Public investment helps the commercial sector. I always fall back on the “Skyfall” example. A colleague in the National Theatre pointed out to me a while ago that, although that is a commercial film, the lead characters and the director—Sam Mendes, Judi Dench and Daniel Craig—started out in publicly invested theatre. Sam Mendes did not just wake up one morning and decide to make “Skyfall”. He had been doing lots of other things, thanks to public investment.
I need to mention—the right hon. Member for Wantage knows that I will—the consequences of no public funding. He and other hon. Members have mentioned local authorities that have made huge cuts, but local councillors talk to me about dealing with the impact of cuts to central Government grants. When many local authorities serving deprived communities are faced with a difficult decision between the arts and the high cost of child protection, housing needs or other needs, they will cut the arts.
Now, I do not like that, the right hon. Member for Wantage does not like that and I am pretty sure that the Minister will not like it, but we need to face reality and accept the fact that local government and central Government grants have an impact. The right hon. Member for Wantage argued against ring-fenced funding. I get that argument, but there is a consequence when we cut Department for Communities and Local Government funding.
The Centre for Economics and Business Research has evaluated the impact of arts and culture on the economy, and it is massive. The arts and culture industries are so often more productive than other industries and, as well as generating economic value, they generate joy. I can testify to something that other hon. Members have mentioned—the value of arts in health and wellbeing. When I was being treated at Southmead hospital last year, I was privileged to see the cathedral to health that has been created there, and how much art and culture was built into the fabric of the building.
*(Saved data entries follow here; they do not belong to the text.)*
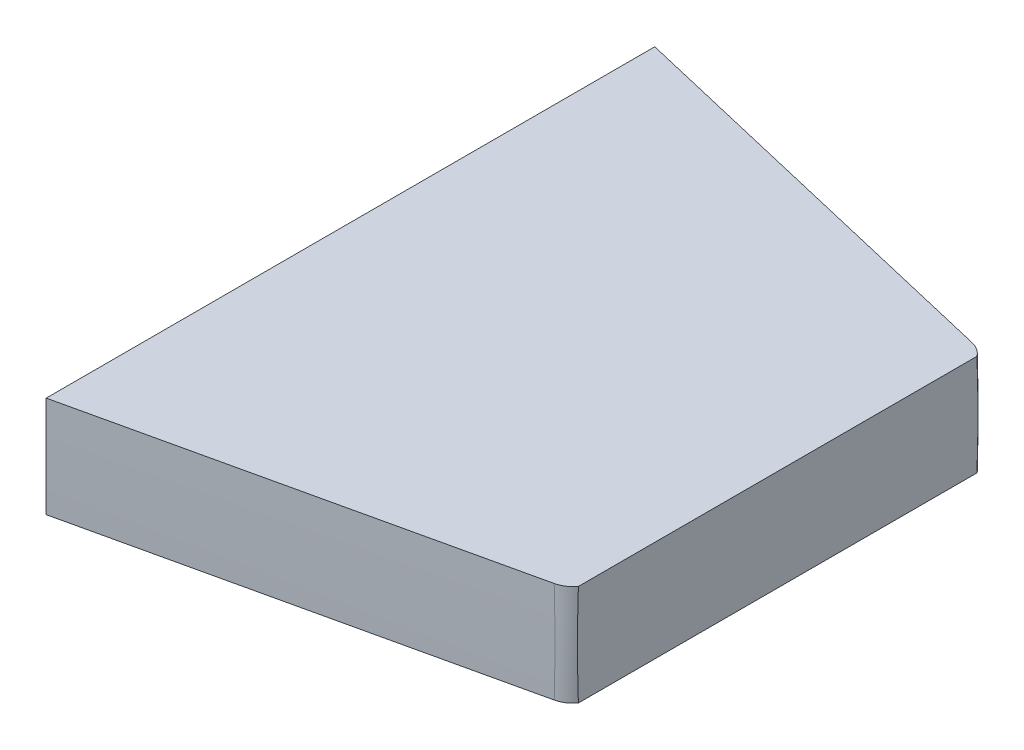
ISO-10303-21;
HEADER;
FILE_DESCRIPTION(('STEP AP214'),'2;1');
FILE_NAME('part.step','',(''),(''),'','','');
FILE_SCHEMA(('AUTOMOTIVE_DESIGN { 1 0 10303 214 1 1 1 1 }'));
ENDSEC;
DATA;
#1=APPLICATION_CONTEXT('core data for automotive mechanical design processes');
#2=APPLICATION_PROTOCOL_DEFINITION('international standard','automotive_design',2000,#1);
#3=PRODUCT_CONTEXT('',#1,'mechanical');
#4=PRODUCT('Part','Part','',(#3));
#5=PRODUCT_RELATED_PRODUCT_CATEGORY('part','',(#4));
#6=PRODUCT_DEFINITION_FORMATION('','',#4);
#7=PRODUCT_DEFINITION_CONTEXT('part definition',#1,'design');
#8=PRODUCT_DEFINITION('design','',#6,#7);
#9=PRODUCT_DEFINITION_SHAPE('','',#8);
#10=(LENGTH_UNIT() NAMED_UNIT(*) SI_UNIT(.MILLI.,.METRE.));
#11=(NAMED_UNIT(*) PLANE_ANGLE_UNIT() SI_UNIT($,.RADIAN.));
#12=(NAMED_UNIT(*) SI_UNIT($,.STERADIAN.) SOLID_ANGLE_UNIT());
#13=UNCERTAINTY_MEASURE_WITH_UNIT(LENGTH_MEASURE(1.E-05),#10,'distance_accuracy_value','');
#14=(GEOMETRIC_REPRESENTATION_CONTEXT(3) GLOBAL_UNCERTAINTY_ASSIGNED_CONTEXT((#13)) GLOBAL_UNIT_ASSIGNED_CONTEXT((#10,
#11,#12)) REPRESENTATION_CONTEXT('',''));
#15=CARTESIAN_POINT('',(0.,0.,0.));
#16=DIRECTION('',(0.,0.,1.));
#17=DIRECTION('',(1.,0.,0.));
#18=AXIS2_PLACEMENT_3D('',#15,#16,#17);
#19=CARTESIAN_POINT('',(1.63861979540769E-11,-5.18790739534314E-13,12.5584214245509));
#20=DIRECTION('',(0.,0.,-1.));
#21=DIRECTION('',(-1.,0.,0.));
#22=AXIS2_PLACEMENT_3D('',#19,#20,#21);
#23=CONICAL_SURFACE('',#22,33.2247053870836,1.34888360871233);
#24=CARTESIAN_POINT('',(33.2096529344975,-1.00000001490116,12.5584214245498));
#25=CARTESIAN_POINT('',(31.8413887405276,-1.00000001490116,12.8670076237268));
#26=CARTESIAN_POINT('',(30.4731189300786,-1.00000001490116,13.1755689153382));
#27=CARTESIAN_POINT('',(27.7365680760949,-1.00000001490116,13.7926416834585));
#28=CARTESIAN_POINT('',(26.3682870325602,-1.00000001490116,14.1011531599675));
#29=CARTESIAN_POINT('',(25.0000003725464,-1.00000001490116,14.4096397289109));
#30=B_SPLINE_CURVE_WITH_KNOTS('',3,(#24,#25,#26,#27,#28,#29),.UNSPECIFIED.,.F.,.F.,(4,2,4),(0.,
4.20789152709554,8.41578305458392),.UNSPECIFIED.);
#31=CARTESIAN_POINT('',(33.2096529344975,-1.00000001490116,12.5584214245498));
#32=VERTEX_POINT('',#31);
#33=CARTESIAN_POINT('',(25.0000003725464,-1.00000001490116,14.4096397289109));
#34=VERTEX_POINT('',#33);
#35=EDGE_CURVE('E73',#32,#34,#30,.T.);
#36=ORIENTED_EDGE('',*,*,#35,.F.);
#37=CARTESIAN_POINT('',(-7.17828574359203E-12,-7.0830927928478E-13,12.5584214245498));
#38=DIRECTION('',(0.,0.,-1.));
#39=DIRECTION('',(-1.,0.,0.));
#40=AXIS2_PLACEMENT_3D('',#37,#38,#39);
#41=CIRCLE('',#40,33.224705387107);
#42=CARTESIAN_POINT('',(33.2096529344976,1.00000001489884,12.5584214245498));
#43=VERTEX_POINT('',#42);
#44=EDGE_CURVE('E80',#43,#32,#41,.T.);
#45=ORIENTED_EDGE('',*,*,#44,.F.);
#46=CARTESIAN_POINT('',(25.0000003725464,1.00000001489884,14.4096397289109));
#47=CARTESIAN_POINT('',(26.3682870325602,1.00000001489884,14.1011531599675));
#48=CARTESIAN_POINT('',(27.7365680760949,1.00000001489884,13.7926416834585));
#49=CARTESIAN_POINT('',(30.4731189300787,1.00000001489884,13.1755689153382));
#50=CARTESIAN_POINT('',(31.8413887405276,1.00000001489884,12.8670076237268));
#51=CARTESIAN_POINT('',(33.2096529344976,1.00000001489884,12.5584214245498));
#52=B_SPLINE_CURVE_WITH_KNOTS('',3,(#46,#47,#48,#49,#50,#51),.UNSPECIFIED.,.F.,.F.,(4,2,4),(0.,
4.20789152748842,8.41578305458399),.UNSPECIFIED.);
#53=CARTESIAN_POINT('',(25.0000003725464,1.00000001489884,14.4096397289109));
#54=VERTEX_POINT('',#53);
#55=EDGE_CURVE('E76',#54,#43,#52,.T.);
#56=ORIENTED_EDGE('',*,*,#55,.F.);
#57=CARTESIAN_POINT('',(25.0000003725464,-1.00000001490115,14.4096397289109));
#58=CARTESIAN_POINT('',(25.0000003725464,-0.666666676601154,14.4126469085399));
#59=CARTESIAN_POINT('',(25.0000003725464,-0.333333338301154,14.4141504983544));
#60=CARTESIAN_POINT('',(25.0000003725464,0.333333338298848,14.4141504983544));
#61=CARTESIAN_POINT('',(25.0000003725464,0.666666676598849,14.4126469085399));
#62=CARTESIAN_POINT('',(25.0000003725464,1.00000001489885,14.4096397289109));
#63=B_SPLINE_CURVE_WITH_KNOTS('',3,(#57,#58,#59,#60,#61,#62),.UNSPECIFIED.,.F.,.F.,(4,2,4),(0.,
1.00001018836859,2.00002037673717),.UNSPECIFIED.);
#64=EDGE_CURVE('E21',#34,#54,#63,.T.);
#65=ORIENTED_EDGE('',*,*,#64,.F.);
#66=EDGE_LOOP('',(#36,#45,#56,#65));
#67=FACE_BOUND('',#66,.T.);
#68=ADVANCED_FACE('F16',(#67),#23,.T.);
#69=CARTESIAN_POINT('',(25.0000003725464,-1.01000001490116,2.33806122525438));
#70=DIRECTION('',(-1.,0.,0.));
#71=DIRECTION('',(0.,0.,1.));
#72=AXIS2_PLACEMENT_3D('',#69,#70,#71);
#73=PLANE('',#72);
#74=CARTESIAN_POINT('',(25.0000003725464,-1.00000001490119,2.35746474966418));
#75=CARTESIAN_POINT('',(25.000000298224,-0.916652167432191,2.35668095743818));
#76=CARTESIAN_POINT('',(25.0000001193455,-0.833303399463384,2.35599498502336));
#77=CARTESIAN_POINT('',(24.9999998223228,-0.666627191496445,2.35481907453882));
#78=CARTESIAN_POINT('',(24.9999997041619,-0.583299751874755,2.35432908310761));
#79=CARTESIAN_POINT('',(24.999999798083,-0.416649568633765,2.35354512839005));
#80=CARTESIAN_POINT('',(25.0000000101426,-0.333326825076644,2.35325115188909));
#81=CARTESIAN_POINT('',(25.0000005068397,-0.166669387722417,2.35285917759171));
#82=CARTESIAN_POINT('',(25.0000007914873,-0.0833346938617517,2.35276120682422));
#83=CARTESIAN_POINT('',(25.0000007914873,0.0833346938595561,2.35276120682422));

There are works of art, changing exhibitions and a grand piano at which a variety of musicians play all sorts of wonderful music, which uplifted me in moments when otherwise I felt very down.
The public investment that we put into the arts more than earns its keep economically, through social aspects and wellbeing, and through regeneration of deprived areas, which is something that I have not mentioned, but for which there is a great deal of evidence. It is important that we take notice of workers’ terms and conditions, and recognise that public funding for the arts should be seen as an investment that has huge commercial opportunities when properly supported. We need to stop thinking about art as a subsidy.
Art, for my money, should truly be for everybody. As Jennie Lee said in her first arts White Paper way back in the ’60s—and I am pretty sure that the right hon. Member for Wantage said something similar in his White Paper—art, and our support for it as public citizens, should truly be for everybody. It enriches us, lifts us up and helps us to make something better out of the world we live in.